By 0947am (0148 GMT), the counter was flat at RM5.30 per share, underperforming the Malaysia’s benchmark stock index’s 0.18% rise.
Maybank ups rubber gloves sector to ‘overweight’
KUALA LUMPUR: Maybank IB Research raised its recommendation for the rubber gloves sector from “neutral” to “overweight” citing the sector as an affordable healthcare option with falling input costs and growing demand.
Maybank upgraded Hartalega Holdings Bhd to “buy” and maintained “buy” calls on Top Glove Corporation Bhd and Kossan Rubber Industries Bhd.
The research house said in a note today that the price of latex has fallen by 17% from a high in February 2012 to RM6.50 per kilogram.

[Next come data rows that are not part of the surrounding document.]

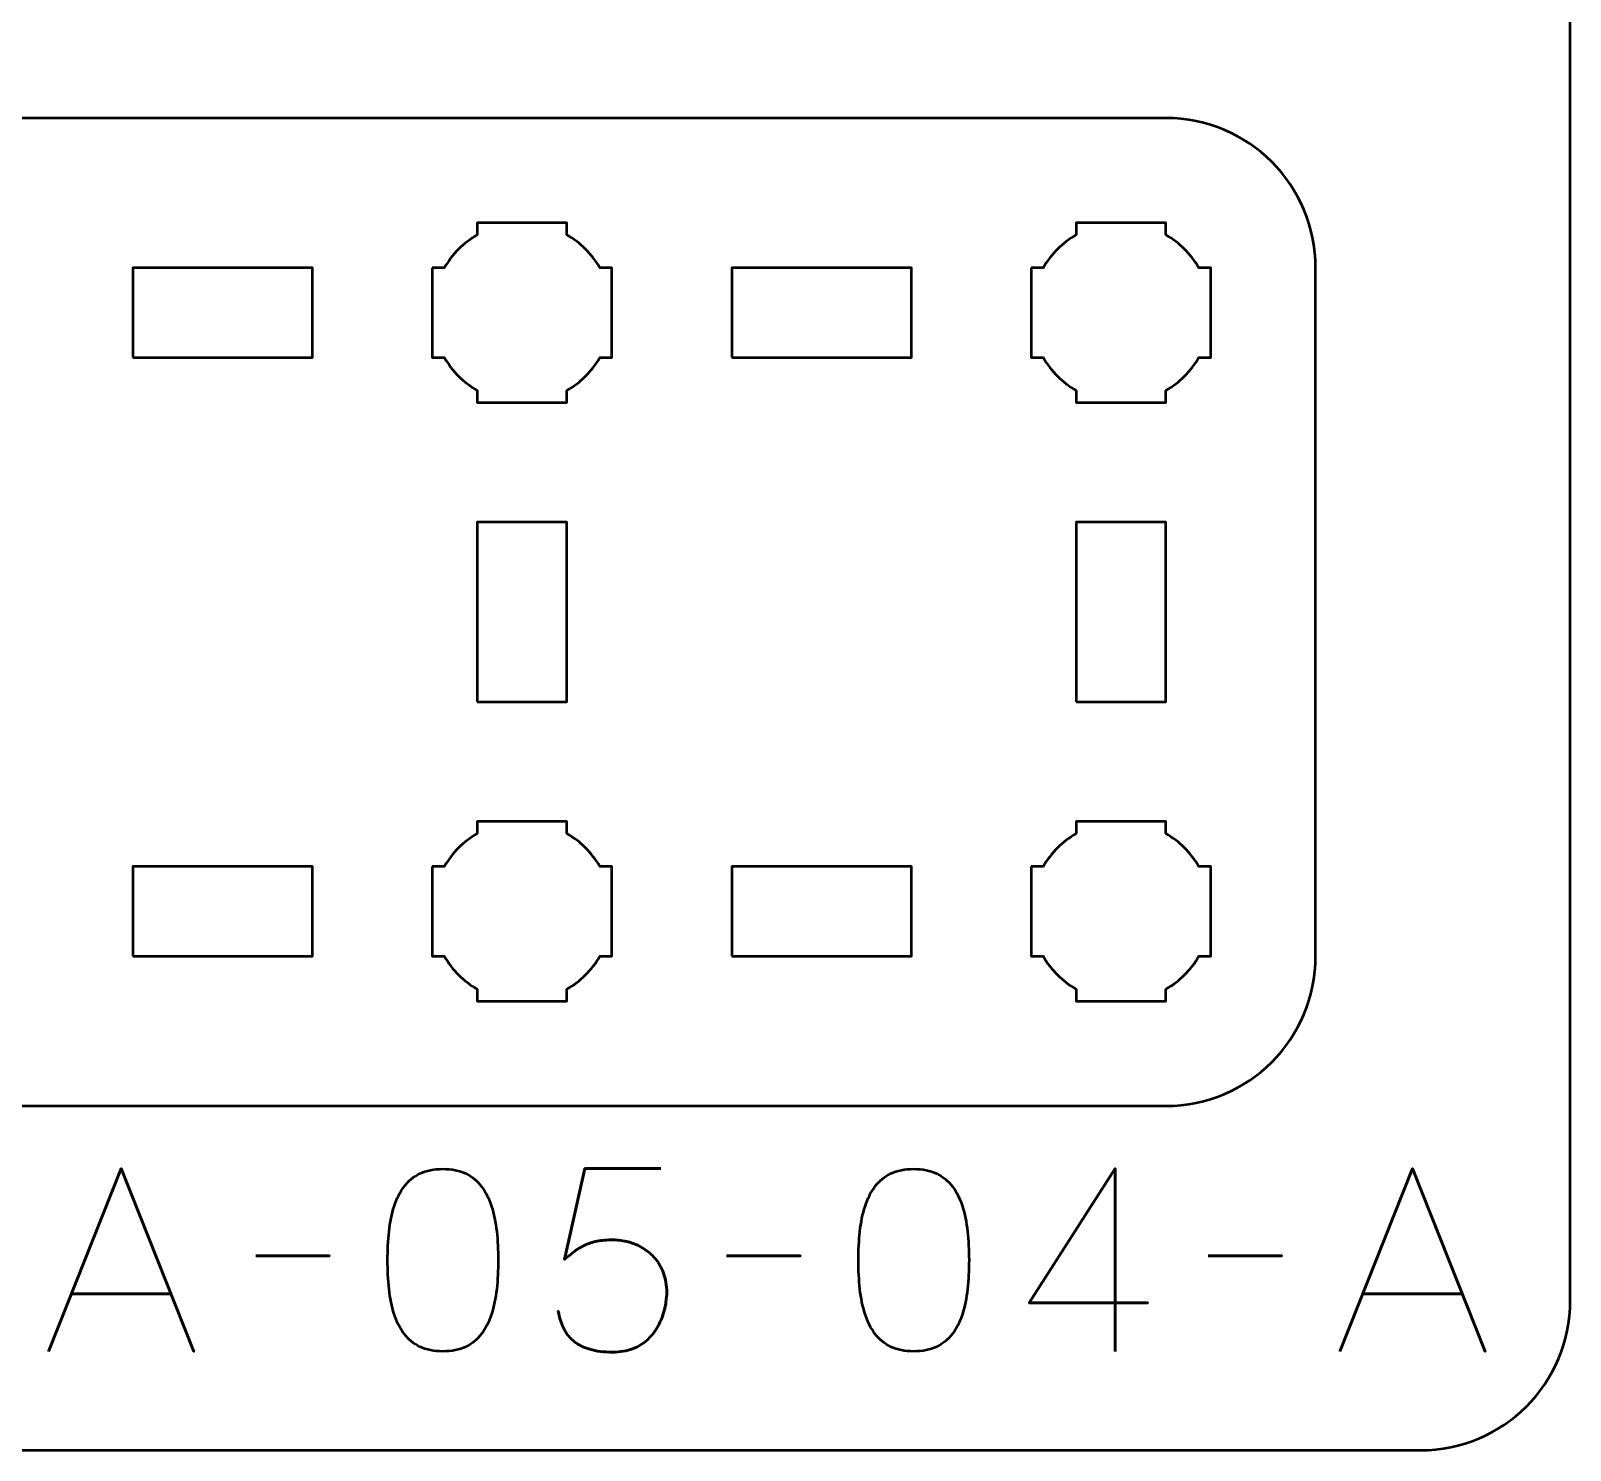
# Model space of a CAD drawing. Header units: centimetres. Extents: x -21 to 0, y -29.7 to 0.
# Drawn here: x -5.14 to 0, y -29.7 to -24.96 of the extents above; entities that cross this region are included whole.
import ezdxf

# ---------------------------------------------------------------- set-up
doc = ezdxf.new("R2010")
doc.units = ezdxf.units.CM
doc.header["$MEASUREMENT"] = 0
doc.layers.add('Layer 1', color=7, linetype='Continuous')

msp = doc.modelspace()

# ---------------------------------------------------------------- linework, layer by layer
at = {"layer": 'Layer 1', "lineweight": 53}
for points in [[(-4.8, -26.05001), (-4.2, -26.05001), (-4.2, -25.75001), (-4.8, -25.75001), (-4.8, -26.05001)], [(-2.8, -26.05001), (-2.2, -26.05001), (-2.2, -25.75001), (-2.8, -25.75001), (-2.8, -26.05001)], [(-3.65, -27.20001), (-3.35, -27.20001), (-3.35, -26.60001), (-3.65, -26.60001), (-3.65, -27.20001)], [(-1.65, -27.20001), (-1.35, -27.20001), (-1.35, -26.60001), (-1.65, -26.60001), (-1.65, -27.20001)], [(-4.8, -28.05001), (-4.2, -28.05001), (-4.2, -27.75001), (-4.8, -27.75001), (-4.8, -28.05001)], [(-2.8, -28.05001), (-2.2, -28.05001), (-2.2, -27.75001), (-2.8, -27.75001), (-2.8, -28.05001)]]:
    msp.add_lwpolyline(points, close=True, dxfattribs=at)
at = {"layer": 'Layer 1', "color": 1, "lineweight": 53}
msp.add_open_spline([(-21.00003, -29.19995), (-21.00003, -29.19995), (-21.00003, -5.29992), (-21.00003, -5.29992), (-21.00003, -5.29992), (-21.00003, -5.21709), (-20.93286, -5.14992), (-20.85003, -5.14992), (-20.85003, -5.14992), (-20.7672, -5.14992), (-20.70003, -5.08275), (-20.70003, -4.99992), (-20.70003, -4.99992), (-20.70003, -4.91709), (-20.7672, -4.84992), (-20.85003, -4.84992), (-20.85003, -4.84992), (-20.93286, -4.84992), (-21.00003, -4.78275), (-21.00003, -4.69992), (-21.00003, -4.69992), (-21.00003, -4.61709), (-20.93286, -4.54992), (-20.85003, -4.54992), (-20.85003, -4.54992), (-20.7672, -4.54992), (-20.70003, -4.48275), (-20.70003, -4.39992), (-20.70003, -4.39992), (-20.70003, -4.31709), (-20.7672, -4.24992), (-20.85003, -4.24992), (-20.85003, -4.24992), (-20.93286, -4.24992), (-21.00003, -4.18275), (-21.00003, -4.09992), (-21.00003, -4.09992), (-21.00003, -4.01709), (-20.93286, -3.94992), (-20.85003, -3.94992), (-20.85003, -3.94992), (-20.7672, -3.94992), (-20.70003, -3.88275), (-20.70003, -3.79992), (-20.70003, -3.79992), (-20.70003, -3.71709), (-20.7672, -3.64992), (-20.85003, -3.64992), (-20.85003, -3.64992), (-20.93286, -3.64992), (-21.00003, -3.58275), (-21.00003, -3.49992), (-21.00003, -3.49992), (-21.00003, -3.41709), (-20.93286, -3.34992), (-20.85003, -3.34992), (-20.85003, -3.34992), (-20.7672, -3.34992), (-20.70003, -3.28275), (-20.70003, -3.19992), (-20.70003, -3.19992), (-20.70003, -3.11709), (-20.7672, -3.04992), (-20.85003, -3.04992), (-20.85003, -3.04992), (-20.93286, -3.04992), (-21.00003, -2.98275), (-21.00003, -2.89992), (-21.00003, -2.89992), (-21.00003, -2.81709), (-20.93286, -2.74992), (-20.85003, -2.74992), (-20.85003, -2.74992), (-20.7672, -2.74992), (-20.70003, -2.68275), (-20.70003, -2.59992), (-20.70003, -2.59992), (-20.70003, -2.51709), (-20.7672, -2.44992), (-20.85003, -2.44992), (-20.85003, -2.44992), (-20.93286, -2.44992), (-21.00003, -2.38275), (-21.00003, -2.29992), (-21.00003, -2.29992), (-21.00003, -2.21709), (-20.93286, -2.14992), (-20.85003, -2.14992), (-20.85003, -2.14992), (-20.7672, -2.14992), (-20.70003, -2.08275), (-20.70003, -1.99992), (-20.70003, -1.99992), (-20.70003, -1.91709), (-20.7672, -1.84992), (-20.85003, -1.84992), (-20.85003, -1.84992), (-20.93286, -1.84992), (-21.00003, -1.78275), (-21.00003, -1.69992), (-21.00003, -1.69992), (-21.00003, -1.61709), (-20.93286, -1.54992), (-20.85003, -1.54992), (-20.85003, -1.54992), (-20.7672, -1.54992), (-20.70003, -1.48275), (-20.70003, -1.39992), (-20.70003, -1.39992), (-20.70003, -1.31709), (-20.7672, -1.24992), (-20.85003, -1.24992), (-20.85003, -1.24992), (-20.93286, -1.24992), (-21.00003, -1.18275), (-21.00003, -1.09992), (-21.00003, -1.09992), (-21.00003, -1.09992), (-21.00003, -0.49992), (-21.00003, -0.49992), (-21.00003, -0.49992), (-21.00003, -0.22295), (-20.77694, 0.00004), (-20.49994, 0.00004), (-20.49994, 0.00004), (-20.49994, 0.00004), (-0.50008, 0.00004), (-0.50008, 0.00004), (-0.50008, 0.00004), (-0.22294, 0.00004), (0.00002, -0.22295), (0.00002, -0.49992), (0.00002, -0.49992), (0.00002, -0.49992), (0.00002, -29.19995), (0.00002, -29.19995), (0.00002, -29.19995), (0.00002, -29.47695), (-0.22294, -29.70004), (-0.50008, -29.70004), (-0.50008, -29.70004), (-0.50008, -29.70004), (-20.49994, -29.70004), (-20.49994, -29.70004), (-20.49994, -29.70004), (-20.77694, -29.70004), (-21.00003, -29.47695), (-21.00003, -29.19995)], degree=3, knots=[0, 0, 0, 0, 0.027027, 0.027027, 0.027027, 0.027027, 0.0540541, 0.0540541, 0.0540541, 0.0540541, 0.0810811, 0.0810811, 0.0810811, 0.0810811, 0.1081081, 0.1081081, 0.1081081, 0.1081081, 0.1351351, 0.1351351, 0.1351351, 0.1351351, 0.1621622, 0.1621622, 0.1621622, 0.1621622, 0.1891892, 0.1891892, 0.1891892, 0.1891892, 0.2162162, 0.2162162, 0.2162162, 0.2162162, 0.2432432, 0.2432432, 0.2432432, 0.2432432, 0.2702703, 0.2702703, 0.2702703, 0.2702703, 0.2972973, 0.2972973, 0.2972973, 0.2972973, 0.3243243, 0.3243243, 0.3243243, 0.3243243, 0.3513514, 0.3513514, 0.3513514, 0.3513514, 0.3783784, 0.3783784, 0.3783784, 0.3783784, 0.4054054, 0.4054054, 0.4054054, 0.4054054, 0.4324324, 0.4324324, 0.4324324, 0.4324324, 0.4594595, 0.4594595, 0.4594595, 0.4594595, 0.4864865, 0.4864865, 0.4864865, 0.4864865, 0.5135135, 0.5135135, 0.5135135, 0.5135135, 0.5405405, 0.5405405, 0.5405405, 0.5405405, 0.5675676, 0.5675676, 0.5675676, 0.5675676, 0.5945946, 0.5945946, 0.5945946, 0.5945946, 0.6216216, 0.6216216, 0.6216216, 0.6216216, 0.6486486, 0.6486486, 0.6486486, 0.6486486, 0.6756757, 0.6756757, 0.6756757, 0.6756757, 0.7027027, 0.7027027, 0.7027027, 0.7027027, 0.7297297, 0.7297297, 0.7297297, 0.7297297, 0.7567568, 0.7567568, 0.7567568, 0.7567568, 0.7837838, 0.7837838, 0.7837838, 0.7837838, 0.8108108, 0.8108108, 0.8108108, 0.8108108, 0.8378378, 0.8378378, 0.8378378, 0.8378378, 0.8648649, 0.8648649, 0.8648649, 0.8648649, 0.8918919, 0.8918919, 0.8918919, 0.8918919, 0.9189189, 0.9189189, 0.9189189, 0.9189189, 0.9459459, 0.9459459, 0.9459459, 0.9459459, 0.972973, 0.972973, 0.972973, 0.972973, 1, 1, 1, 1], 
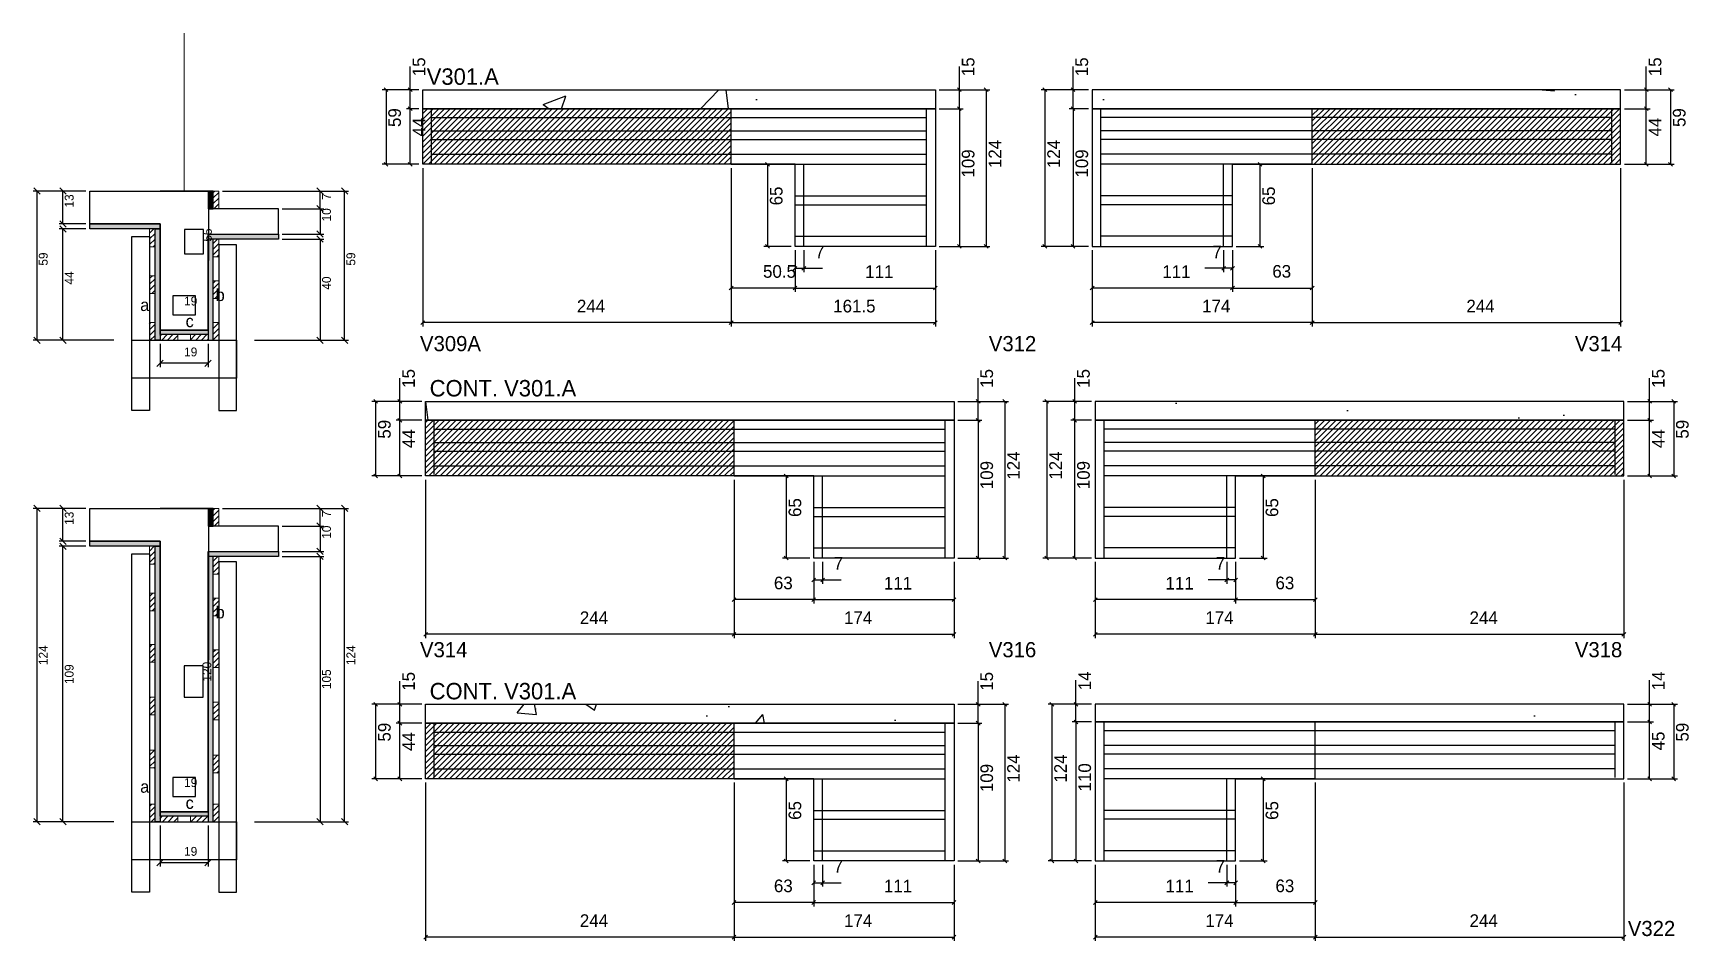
# Model space of a CAD drawing. Header units: metres. Extents: x 1999 to 8100, y 6610 to 8323.
# Drawn here: x 5172 to 6481, y 7604 to 8323 of the extents above; entities that cross this region are included whole.
import ezdxf

# ---------------------------------------------------------------- set-up
doc = ezdxf.new("R2010")
doc.units = ezdxf.units.M
for name, color, linetype in [('5', 7, 'Continuous'), ('CONCRETO', 7, 'Continuous'), ('COTA', 7, 'Continuous'), ('Cota Seção (2x)', 7, 'Continuous'), ('detalhes', 7, 'Continuous'), ('Hachura', 7, 'Continuous'), ('Madeira', 7, 'Continuous'), ('Painéis', 7, 'Continuous'), ('REAPROVEITAMENTO', 7, 'Continuous'), ('SARR_2.2x7', 7, 'Continuous'), ('SARR_3.5x7', 7, 'Continuous'), ('Texto Seção', 7, 'Continuous')]:
    doc.layers.add(name, color=color, linetype=linetype)

msp = doc.modelspace()

# ---------------------------------------------------------------- hatches: boundary and pattern name
at = {"layer": 'COTA'}
h = msp.add_hatch(dxfattribs=at)
h.set_pattern_fill('AR-CONC')
h.paths.add_polyline_path([(5885.4, 8278), (5479.9, 8278), (5479.9, 8263), (5885.4, 8263), (5885.4, 8278)])
h = msp.add_hatch(dxfattribs=at)
h.set_pattern_fill('AR-CONC')
h.paths.add_polyline_path([(6009.4, 8278), (6427.4, 8278), (6427.4, 8264), (6009.4, 8264), (6009.4, 8278)])
h = msp.add_hatch(dxfattribs=at)
h.set_pattern_fill('AR-CONC')
h.paths.add_polyline_path([(5900.2, 8031.4), (5482.2, 8031.4), (5482.2, 8016.4), (5900.2, 8016.4), (5900.2, 8031.4)])
h = msp.add_hatch(dxfattribs=at)
h.set_pattern_fill('AR-CONC')
h.paths.add_polyline_path([(6011.9, 8031.4), (6429.9, 8031.4), (6429.9, 8016.4), (6011.9, 8016.4), (6011.9, 8031.4)])
h = msp.add_hatch(dxfattribs=at)
h.set_pattern_fill('AR-CONC')
h.paths.add_polyline_path([(5900.2, 7791.7), (5482.2, 7791.7), (5482.2, 7776.7), (5900.2, 7776.7), (5900.2, 7791.7)])
h = msp.add_hatch(dxfattribs=at)
h.set_pattern_fill('AR-CONC')
h.paths.add_polyline_path([(6011.9, 7791.7), (6429.9, 7791.7), (6429.9, 7777.7), (6011.9, 7777.7), (6011.9, 7791.7)])
at = {"layer": 'Hachura'}
h = msp.add_hatch(color=7, dxfattribs=at)
h.dxf.hatch_style = 1
h.paths.add_polyline_path([(5314.2, 8197.8), (5310.6, 8197.8), (5310.6, 8183.8), (5314.2, 8183.8), (5314.2, 8197.8)])
h = msp.add_hatch(dxfattribs=at)
h.set_pattern_fill('ANSI31')
h.paths.add_polyline_path([(5318.6, 8183.8), (5314.2, 8183.8), (5314.2, 8197.8), (5318.6, 8197.8), (5318.6, 8183.8)])
h = msp.add_hatch(color=7, dxfattribs=at)
h.dxf.hatch_style = 1
h.paths.add_polyline_path([(5216.6, 8167.8), (5216.6, 8171.8), (5272.2, 8171.8), (5272.2, 8167.8), (5216.6, 8167.8)])
h = msp.add_hatch(dxfattribs=at)
h.set_pattern_fill('ANSI31')
h.paths.add_polyline_path([(5263.8, 8153.8), (5268.2, 8153.8), (5268.2, 8167.8), (5263.8, 8167.8), (5263.8, 8153.8)])
h = msp.add_hatch(color=7, dxfattribs=at)
h.dxf.hatch_style = 1
h.paths.add_polyline_path([(5268.2, 8167.8), (5272.2, 8167.8), (5272.2, 8079.8), (5268.2, 8079.8), (5268.2, 8167.8)])
h = msp.add_hatch(color=7, dxfattribs=at)
h.dxf.hatch_style = 1
h.paths.add_polyline_path([(5310.2, 8159.8), (5310.2, 8163.8), (5365.8, 8163.8), (5365.8, 8159.8), (5310.2, 8159.8)])
h = msp.add_hatch(color=7, dxfattribs=at)
h.dxf.hatch_style = 1
h.paths.add_polyline_path([(5310.2, 8159.8), (5314.2, 8159.8), (5314.2, 8079.8), (5310.2, 8079.8), (5310.2, 8159.8)])
h = msp.add_hatch(dxfattribs=at)
h.set_pattern_fill('ANSI31')
h.paths.add_polyline_path([(5318.6, 8145.8), (5314.2, 8145.8), (5314.2, 8159.8), (5318.6, 8159.8), (5318.6, 8145.8)])
h = msp.add_hatch(dxfattribs=at)
h.set_pattern_fill('ANSI31')
h.paths.add_polyline_path([(5263.8, 8116.8), (5268.2, 8116.8), (5268.2, 8130.8), (5263.8, 8130.8), (5263.8, 8116.8)])
h = msp.add_hatch(dxfattribs=at)
h.set_pattern_fill('ANSI31')
h.paths.add_polyline_path([(5318.6, 8112.8), (5314.2, 8112.8), (5314.2, 8126.8), (5318.6, 8126.8), (5318.6, 8112.8)])
h = msp.add_hatch(dxfattribs=at)
h.set_pattern_fill('ANSI31')
h.paths.add_polyline_path([(5263.8, 8079.8), (5268.2, 8079.8), (5268.2, 8093.8), (5263.8, 8093.8), (5263.8, 8079.8)])
h = msp.add_hatch(dxfattribs=at)
h.set_pattern_fill('ANSI31')
h.paths.add_polyline_path([(5318.6, 8079.8), (5314.2, 8079.8), (5314.2, 8093.8), (5318.6, 8093.8), (5318.6, 8079.8)])
h = msp.add_hatch(color=7, dxfattribs=at)
h.dxf.hatch_style = 1
h.paths.add_polyline_path([(5272.2, 8084.2), (5272.2, 8087.8), (5310.2, 8087.8), (5310.2, 8084.2), (5272.2, 8084.2)])
h = msp.add_hatch(dxfattribs=at)
h.set_pattern_fill('ANSI31')
h.paths.add_polyline_path([(5272.2, 8079.8), (5272.2, 8084.2), (5286.2, 8084.2), (5286.2, 8079.8), (5272.2, 8079.8)])
h = msp.add_hatch(dxfattribs=at)
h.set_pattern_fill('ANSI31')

Thailand, Indonesia, and Malaysia government initiatives have limited rubber exports to support latex price despite a surplus in the region that will ultimately bring the price lower, said Maybank.
The International Rubber Study Group predicted in March 2012 that a prolonged rubber surplus will occur until 2020, placing further pressure on rubber prices.
By 0940am (0140 GMT), shares in Hartalega rose 0.23% to RM4.29 ringgit, Top Glove climbed 0.19% to RM5.20 and Kossan Rubber jumped 0.96% to RM3.17. The Malaysian benchmark stock index rose 0.05%.